One alternative was to mount the extra turrets on the side (wings). This increased the frontal fire at the expense of broadside fire. In theory, wing turrets could be staggered, and fire if need be across the deck. but that tended not to be too good for the deck. And the centerline design was structurally sounder.

Another option was to stack the turrets, like the tiers on a wedding cake. On USS Kearsarge(1898), the double-decker turrets turned as a unit. It's reported that the vibration of the 13" guns below interfered with the firing of the 8" guns above. (cityofart.net)

The 1870s Italian navy experimented with a "diagonal reduit", in which two turrets were mounted near the center of the ship but diagonally offset from it. (Breyer 33).
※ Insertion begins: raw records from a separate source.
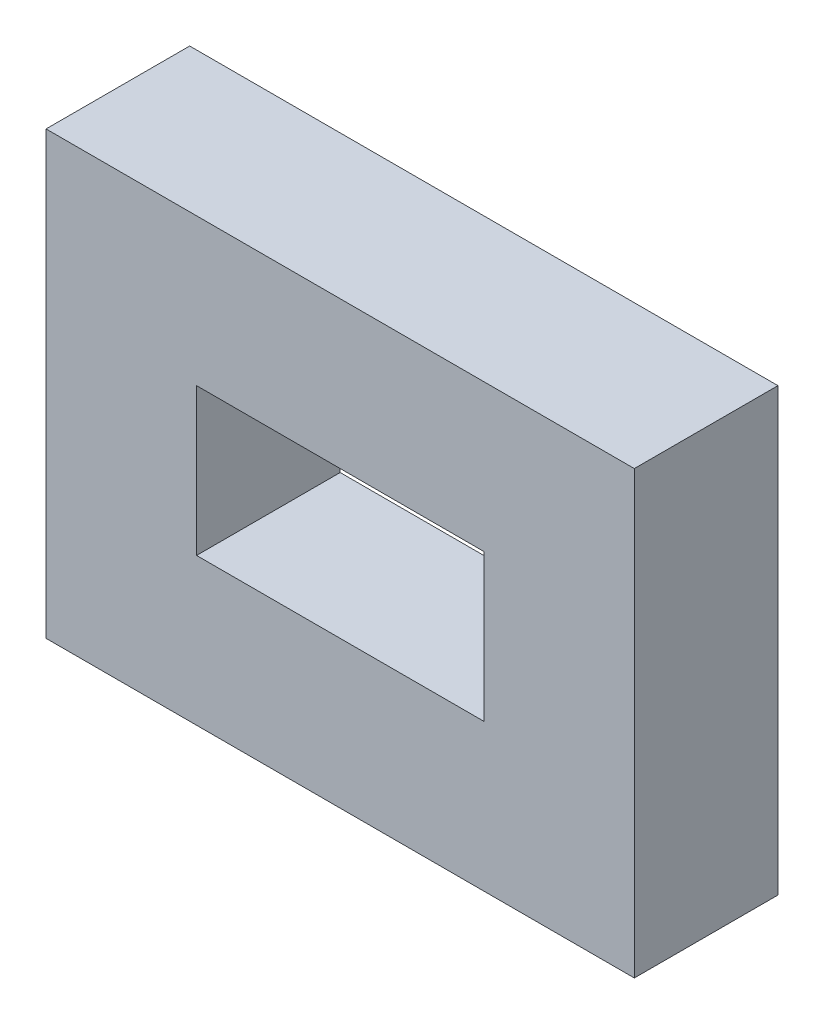
ISO-10303-21;
HEADER;
FILE_DESCRIPTION(('STEP AP214'),'2;1');
FILE_NAME('part.step','',(''),(''),'','','');
FILE_SCHEMA(('AUTOMOTIVE_DESIGN { 1 0 10303 214 1 1 1 1 }'));
ENDSEC;
DATA;
#1=APPLICATION_CONTEXT('core data for automotive mechanical design processes');
#2=APPLICATION_PROTOCOL_DEFINITION('international standard','automotive_design',2000,#1);
#3=PRODUCT_CONTEXT('',#1,'mechanical');
#4=PRODUCT('Part','Part','',(#3));
#5=PRODUCT_RELATED_PRODUCT_CATEGORY('part','',(#4));
#6=PRODUCT_DEFINITION_FORMATION('','',#4);
#7=PRODUCT_DEFINITION_CONTEXT('part definition',#1,'design');
#8=PRODUCT_DEFINITION('design','',#6,#7);
#9=PRODUCT_DEFINITION_SHAPE('','',#8);
#10=(LENGTH_UNIT() NAMED_UNIT(*) SI_UNIT(.MILLI.,.METRE.));
#11=(NAMED_UNIT(*) PLANE_ANGLE_UNIT() SI_UNIT($,.RADIAN.));
#12=(NAMED_UNIT(*) SI_UNIT($,.STERADIAN.) SOLID_ANGLE_UNIT());
#13=UNCERTAINTY_MEASURE_WITH_UNIT(LENGTH_MEASURE(1.E-05),#10,'distance_accuracy_value','');
#14=(GEOMETRIC_REPRESENTATION_CONTEXT(3) GLOBAL_UNCERTAINTY_ASSIGNED_CONTEXT((#13)) GLOBAL_UNIT_ASSIGNED_CONTEXT((#10,
#11,#12)) REPRESENTATION_CONTEXT('',''));
#15=CARTESIAN_POINT('',(0.,0.,0.));
#16=DIRECTION('',(0.,0.,1.));
#17=DIRECTION('',(1.,0.,0.));
#18=AXIS2_PLACEMENT_3D('',#15,#16,#17);
#19=CARTESIAN_POINT('',(10.16,7.62,4.9609375));
#20=DIRECTION('',(-1.,0.,0.));
#21=DIRECTION('',(0.,-1.,0.));
#22=AXIS2_PLACEMENT_3D('',#19,#20,#21);
#23=PLANE('',#22);
#24=DIRECTION('',(0.,1.,0.));
#25=VECTOR('',#24,1.);
#26=CARTESIAN_POINT('',(10.16,7.62,0.));
#27=LINE('',#26,#25);
#28=CARTESIAN_POINT('',(10.16,-7.62,0.));
#29=VERTEX_POINT('',#28);
#30=CARTESIAN_POINT('',(10.16,7.62,0.));
#31=VERTEX_POINT('',#30);
#32=EDGE_CURVE('E130',#29,#31,#27,.T.);
#33=ORIENTED_EDGE('',*,*,#32,.T.);
#34=DIRECTION('',(0.,0.,-1.));
#35=VECTOR('',#34,1.);
#36=CARTESIAN_POINT('',(10.16,7.62,4.9609375));
#37=LINE('',#36,#35);
#38=CARTESIAN_POINT('',(10.16,7.62,4.9609375));
#39=VERTEX_POINT('',#38);
#40=EDGE_CURVE('E11',#39,#31,#37,.T.);
#41=ORIENTED_EDGE('',*,*,#40,.F.);
#42=DIRECTION('',(0.,1.,0.));
#43=VECTOR('',#42,1.);
#44=CARTESIAN_POINT('',(10.16,7.62,4.9609375));
#45=LINE('',#44,#43);
#46=CARTESIAN_POINT('',(10.16,-7.62,4.9609375));
#47=VERTEX_POINT('',#46);
#48=EDGE_CURVE('E131',#47,#39,#45,.T.);
#49=ORIENTED_EDGE('',*,*,#48,.F.);
#50=DIRECTION('',(0.,0.,-1.));
#51=VECTOR('',#50,1.);
#52=CARTESIAN_POINT('',(10.16,-7.62,4.9609375));
#53=LINE('',#52,#51);
#54=EDGE_CURVE('E141',#47,#29,#53,.T.);
#55=ORIENTED_EDGE('',*,*,#54,.T.);
#56=EDGE_LOOP('',(#33,#41,#49,#55));
#57=FACE_BOUND('',#56,.T.);
#58=ADVANCED_FACE('F33',(#57),#23,.F.);
#59=CARTESIAN_POINT('',(-10.16,7.62,4.9609375));
#60=DIRECTION('',(0.,-1.,0.));
#61=DIRECTION('',(0.,0.,-1.));
#62=AXIS2_PLACEMENT_3D('',#59,#60,#61);
#63=PLANE('',#62);
#64=DIRECTION('',(-1.,0.,0.));
#65=VECTOR('',#64,1.);
#66=CARTESIAN_POINT('',(-10.16,7.62,0.));
#67=LINE('',#66,#65);
#68=CARTESIAN_POINT('',(-10.16,7.62,0.));
#69=VERTEX_POINT('',#68);
#70=EDGE_CURVE('E144',#31,#69,#67,.T.);
#71=ORIENTED_EDGE('',*,*,#70,.T.);
#72=DIRECTION('',(0.,0.,-1.));
#73=VECTOR('',#72,1.);
#74=CARTESIAN_POINT('',(-10.16,7.62,4.9609375));
#75=LINE('',#74,#73);
#76=CARTESIAN_POINT('',(-10.16,7.62,4.9609375));
#77=VERTEX_POINT('',#76);
#78=EDGE_CURVE('E40',#77,#69,#75,.T.);
#79=ORIENTED_EDGE('',*,*,#78,.F.);
#80=DIRECTION('',(-1.,0.,0.));
#81=VECTOR('',#80,1.);
#82=CARTESIAN_POINT('',(-10.16,7.62,4.9609375));
#83=LINE('',#82,#81);
#84=EDGE_CURVE('E134',#39,#77,#83,.T.);
#85=ORIENTED_EDGE('',*,*,#84,.F.);
#86=ORIENTED_EDGE('',*,*,#40,.T.);
#87=EDGE_LOOP('',(#71,#79,#85,#86));
#88=FACE_BOUND('',#87,.T.);
#89=ADVANCED_FACE('F172',(#88),#63,.F.);
#90=CARTESIAN_POINT('',(-10.16,7.62,4.9609375));
#91=DIRECTION('',(1.,0.,0.));
#92=DIRECTION('',(0.,0.,-1.));
#93=AXIS2_PLACEMENT_3D('',#90,#91,#92);
#94=PLANE('',#93);
#95=DIRECTION('',(0.,-1.,0.));
#96=VECTOR('',#95,1.);
#97=CARTESIAN_POINT('',(-10.16,7.62,0.));
#98=LINE('',#97,#96);
#99=CARTESIAN_POINT('',(-10.16,-7.62,0.));
#100=VERTEX_POINT('',#99);
#101=EDGE_CURVE('E146',#69,#100,#98,.T.);
#102=ORIENTED_EDGE('',*,*,#101,.T.);
#103=DIRECTION('',(0.,0.,-1.));
#104=VECTOR('',#103,1.);
#105=CARTESIAN_POINT('',(-10.16,-7.62,4.9609375));
#106=LINE('',#105,#104);
#107=CARTESIAN_POINT('',(-10.16,-7.62,4.9609375));
#108=VERTEX_POINT('',#107);
#109=EDGE_CURVE('E151',#108,#100,#106,.T.);
#110=ORIENTED_EDGE('',*,*,#109,.F.);
#111=DIRECTION('',(0.,-1.,0.));
#112=VECTOR('',#111,1.);
#113=CARTESIAN_POINT('',(-10.16,7.62,4.9609375));
#114=LINE('',#113,#112);
#115=EDGE_CURVE('E137',#77,#108,#114,.T.);
#116=ORIENTED_EDGE('',*,*,#115,.F.);
#117=ORIENTED_EDGE('',*,*,#78,.T.);
#118=EDGE_LOOP('',(#102,#110,#116,#117));
#119=FACE_BOUND('',#118,.T.);
#120=ADVANCED_FACE('F158',(#119),#94,.F.);
#121=CARTESIAN_POINT('',(-10.16,-7.62,4.9609375));
#122=DIRECTION('',(0.,1.,0.));
#123=DIRECTION('',(0.,0.,1.));
#124=AXIS2_PLACEMENT_3D('',#121,#122,#123);
#125=PLANE('',#124);
#126=DIRECTION('',(1.,0.,0.));
#127=VECTOR('',#126,1.);
#128=CARTESIAN_POINT('',(-10.16,-7.62,0.));
#129=LINE('',#128,#127);
#130=EDGE_CURVE('E135',#100,#29,#129,.T.);
#131=ORIENTED_EDGE('',*,*,#130,.T.);
#132=ORIENTED_EDGE('',*,*,#54,.F.);
#133=DIRECTION('',(1.,0.,0.));
#134=VECTOR('',#133,1.);
#135=CARTESIAN_POINT('',(-10.16,-7.62,4.9609375));
#136=LINE('',#135,#134);
#137=EDGE_CURVE('E139',#108,#47,#136,.T.);
#138=ORIENTED_EDGE('',*,*,#137,.F.);
#139=ORIENTED_EDGE('',*,*,#109,.T.);
#140=EDGE_LOOP('',(#131,#132,#138,#139));
#141=FACE_BOUND('',#140,.T.);
#142=ADVANCED_FACE('F167',(#141),#125,.F.);
#143=CARTESIAN_POINT('',(0.,0.,4.9609375));
#144=DIRECTION('',(0.,0.,1.));
#145=DIRECTION('',(1.,0.,0.));
#146=AXIS2_PLACEMENT_3D('',#143,#144,#145);
#147=PLANE('',#146);
#148=DIRECTION('',(0.,1.,0.));
#149=VECTOR('',#148,1.);
#150=CARTESIAN_POINT('',(4.9609375,0.,4.9609375));
#151=LINE('',#150,#149);
#152=CARTESIAN_POINT('',(4.9609375,-2.54,4.9609375));
#153=VERTEX_POINT('',#152);
#154=CARTESIAN_POINT('',(4.9609375,2.54,4.9609375));
#155=VERTEX_POINT('',#154);
#156=EDGE_CURVE('E99',#153,#155,#151,.T.);
#157=ORIENTED_EDGE('',*,*,#156,.F.);
#158=DIRECTION('',(-1.,0.,0.));
#159=VECTOR('',#158,1.);
#160=CARTESIAN_POINT('',(4.9609375,-2.54,4.9609375));
#161=LINE('',#160,#159);
#162=CARTESIAN_POINT('',(-4.9609375,-2.54,4.9609375));
#163=VERTEX_POINT('',#162);
#164=EDGE_CURVE('E105',#153,#163,#161,.T.);
#165=ORIENTED_EDGE('',*,*,#164,.T.);
#166=DIRECTION('',(0.,1.,0.));
#167=VECTOR('',#166,1.);
#168=CARTESIAN_POINT('',(-4.9609375,0.,4.9609375));
#169=LINE('',#168,#167);
#170=CARTESIAN_POINT('',(-4.9609375,2.54,4.9609375));
#171=VERTEX_POINT('',#170);
#172=EDGE_CURVE('E94',#163,#171,#169,.T.);
#173=ORIENTED_EDGE('',*,*,#172,.T.);
#174=DIRECTION('',(1.,0.,0.));
#175=VECTOR('',#174,1.);
#176=CARTESIAN_POINT('',(4.9609375,2.54,4.9609375));
#177=LINE('',#176,#175);
#178=EDGE_CURVE('E115',#171,#155,#177,.T.);
#179=ORIENTED_EDGE('',*,*,#178,.T.);
#180=EDGE_LOOP('',(#157,#165,#173,#179));
#181=FACE_BOUND('',#180,.T.);
#182=ORIENTED_EDGE('',*,*,#137,.T.);
#183=ORIENTED_EDGE('',*,*,#48,.T.);
#184=ORIENTED_EDGE('',*,*,#84,.T.);
#185=ORIENTED_EDGE('',*,*,#115,.T.);
#186=EDGE_LOOP('',(#182,#183,#184,#185));
#187=FACE_BOUND('',#186,.T.);
#188=ADVANCED_FACE('F112',(#181,#187),#147,.T.);
#189=CARTESIAN_POINT('',(0.,0.,0.));
#190=DIRECTION('',(0.,0.,1.));
#191=DIRECTION('',(1.,0.,0.));
#192=AXIS2_PLACEMENT_3D('',#189,#190,#191);
#193=PLANE('',#192);
#194=DIRECTION('',(-1.,0.,0.));
#195=VECTOR('',#194,1.);
#196=CARTESIAN_POINT('',(4.9609375,-2.54,0.));
#197=LINE('',#196,#195);
#198=CARTESIAN_POINT('',(4.9609375,-2.54,0.));
#199=VERTEX_POINT('',#198);
#200=CARTESIAN_POINT('',(-4.9609375,-2.54,0.));
#201=VERTEX_POINT('',#200);
#202=EDGE_CURVE('E108',#199,#201,#197,.T.);
#203=ORIENTED_EDGE('',*,*,#202,.F.);
#204=DIRECTION('',(0.,-1.,0.));
#205=VECTOR('',#204,1.);
#206=CARTESIAN_POINT('',(4.9609375,7.62,0.));
#207=LINE('',#206,#205);
#208=CARTESIAN_POINT('',(4.9609375,2.54,0.));
#209=VERTEX_POINT('',#208);
#210=EDGE_CURVE('E100',#209,#199,#207,.T.);
#211=ORIENTED_EDGE('',*,*,#210,.F.);
#212=DIRECTION('',(1.,0.,0.));
#213=VECTOR('',#212,1.);
#214=CARTESIAN_POINT('',(4.9609375,2.54,0.));
#215=LINE('',#214,#213);
#216=CARTESIAN_POINT('',(-4.9609375,2.54,0.));
#217=VERTEX_POINT('',#216);
#218=EDGE_CURVE('E122',#217,#209,#215,.T.);
#219=ORIENTED_EDGE('',*,*,#218,.F.);
#220=DIRECTION('',(0.,1.,0.));
#221=VECTOR('',#220,1.);
#222=CARTESIAN_POINT('',(-4.9609375,7.62,0.));
#223=LINE('',#222,#221);
#224=EDGE_CURVE('E110',#201,#217,#223,.T.);
#225=ORIENTED_EDGE('',*,*,#224,.F.);
#226=EDGE_LOOP('',(#203,#211,#219,#225));
#227=FACE_BOUND('',#226,.T.);
#228=ORIENTED_EDGE('',*,*,#32,.F.);
#229=ORIENTED_EDGE('',*,*,#130,.F.);
#230=ORIENTED_EDGE('',*,*,#101,.F.);
#231=ORIENTED_EDGE('',*,*,#70,.F.);
#232=EDGE_LOOP('',(#228,#229,#230,#231));
#233=FACE_BOUND('',#232,.T.);
#234=ADVANCED_FACE('F164',(#227,#233),#193,.F.);
#235=CARTESIAN_POINT('',(4.9609375,-20.955,28.321));
#236=DIRECTION('',(1.,0.,0.));
#237=DIRECTION('',(0.,0.,-1.));
#238=AXIS2_PLACEMENT_3D('',#235,#236,#237);
#239=PLANE('',#238);
#240=ORIENTED_EDGE('',*,*,#156,.T.);
#241=DIRECTION('',(0.,0.,-1.));
#242=VECTOR('',#241,1.);
#243=CARTESIAN_POINT('',(4.9609375,2.54,4.9609375));
#244=LINE('',#243,#242);
#245=EDGE_CURVE('E114',#155,#209,#244,.T.);
#246=ORIENTED_EDGE('',*,*,#245,.T.);
#247=ORIENTED_EDGE('',*,*,#210,.T.);
#248=DIRECTION('',(0.,0.,-1.));
#249=VECTOR('',#248,1.);
#250=CARTESIAN_POINT('',(4.9609375,-2.54,4.9609375));
#251=LINE('',#250,#249);
#252=EDGE_CURVE('E117',#153,#199,#251,.T.);
#253=ORIENTED_EDGE('',*,*,#252,.F.);
#254=EDGE_LOOP('',(#240,#246,#247,#253));
#255=FACE_BOUND('',#254,.T.);
#256=ADVANCED_FACE('F184',(#255),#239,.F.);
#257=CARTESIAN_POINT('',(4.9609375,2.54,4.9609375));
#258=DIRECTION('',(0.,1.,0.));
#259=DIRECTION('',(0.,0.,1.));
#260=AXIS2_PLACEMENT_3D('',#257,#258,#259);
#261=PLANE('',#260);
#262=ORIENTED_EDGE('',*,*,#218,.T.);
#263=ORIENTED_EDGE('',*,*,#245,.F.);
#264=ORIENTED_EDGE('',*,*,#178,.F.);
#265=DIRECTION('',(0.,0.,-1.));
#266=VECTOR('',#265,1.);
#267=CARTESIAN_POINT('',(-4.9609375,2.54,4.9609375));
#268=LINE('',#267,#266);
#269=EDGE_CURVE('E47',#171,#217,#268,.T.);
#270=ORIENTED_EDGE('',*,*,#269,.T.);
#271=EDGE_LOOP('',(#262,#263,#264,#270));
#272=FACE_BOUND('',#271,.T.);
#273=ADVANCED_FACE('F190',(#272),#261,.F.);
#274=CARTESIAN_POINT('',(4.9609375,-2.54,4.9609375));
#275=DIRECTION('',(0.,-1.,0.));
#276=DIRECTION('',(0.,0.,-1.));
#277=AXIS2_PLACEMENT_3D('',#274,#275,#276);
#278=PLANE('',#277);
#279=ORIENTED_EDGE('',*,*,#202,.T.);
#280=DIRECTION('',(0.,0.,-1.));
#281=VECTOR('',#280,1.);
#282=CARTESIAN_POINT('',(-4.9609375,-2.54,4.9609375));
#283=LINE('',#282,#281);
#284=EDGE_CURVE('E52',#163,#201,#283,.T.);
#285=ORIENTED_EDGE('',*,*,#284,.F.);
#286=ORIENTED_EDGE('',*,*,#164,.F.);
#287=ORIENTED_EDGE('',*,*,#252,.T.);
#288=EDGE_LOOP('',(#279,#285,#286,#287));
#289=FACE_BOUND('',#288,.T.);
#290=ADVANCED_FACE('F104',(#289),#278,.F.);
#291=CARTESIAN_POINT('',(-4.9609375,-20.955,28.321));
#292=DIRECTION('',(1.,0.,0.));
#293=DIRECTION('',(0.,0.,-1.));
#294=AXIS2_PLACEMENT_3D('',#291,#292,#293);
#295=PLANE('',#294);
#296=ORIENTED_EDGE('',*,*,#284,.T.);
#297=ORIENTED_EDGE('',*,*,#224,.T.);
#298=ORIENTED_EDGE('',*,*,#269,.F.);
#299=ORIENTED_EDGE('',*,*,#172,.F.);
#300=EDGE_LOOP('',(#296,#297,#298,#299));
#301=FACE_BOUND('',#300,.T.);
#302=ADVANCED_FACE('F95',(#301),#295,.T.);
#303=CLOSED_SHELL('',(#58,#89,#120,#142,#188,#234,#256,#273,#290,#302));
#304=MANIFOLD_SOLID_BREP('B2',#303);
#305=ADVANCED_BREP_SHAPE_REPRESENTATION('',(#18,#304),#14);
#306=SHAPE_DEFINITION_REPRESENTATION(#9,#305);
ENDSEC;
END-ISO-10303-21;

A single turret could carry one, two or even three guns, but if it attempted to fire multiple guns simultaneously, "invariably, one of the guns was thrown off target by the firing of the first weapon." (Kaufmann 5).

With muzzle loaders, the turrets had to be of large diameter, but the guns short-barreled, so they could be run back and reloaded inside. (Ireland1997, 38).

The mechanisms of turret gun laying and loading are discussed in part 2, and the armoring of turrets in part 5.

Vertical Arrangement of Guns

Positioning the gun on a higher deck has the advantage that the gunports are less likely to be forced to close as a result of rough sea conditions (Laing 76). Raleigh urged that the ship be designed and laden so that the lowest tier of ordnance was four feet above the water (Creuze 17). An upper deck gun will also have increased range (as predicted by Torricelli) and can take advantage of plunging fire (shooting at the flimsy enemy deck, not the relatively stout side). However, if the enemy is close at hand, the gun might not be able to depress enough to fire upon it, and the higher the guns are, the higher the ship's center of gravity must be, reducing its initial lateral stability (but the higher freeboard does provide some compensation by increasing the angle of vanishing stability).

In the fifteenth century, ships had guns mounted high up, in the aptly named forecastles and sterncastles. The size and number of these guns was limited by their effect on stability. In the early-sixteenth century, gundecks and gunports were introduced. Since the armament was lower, it could be made heavier. (Svensson 16). As broadsides became more effective, the superstructures became less useful and were reduced in size. The early-seventeenth century was a transitional stage in which the capital ships mounted heavy broadside armaments, but still had significant superstructures.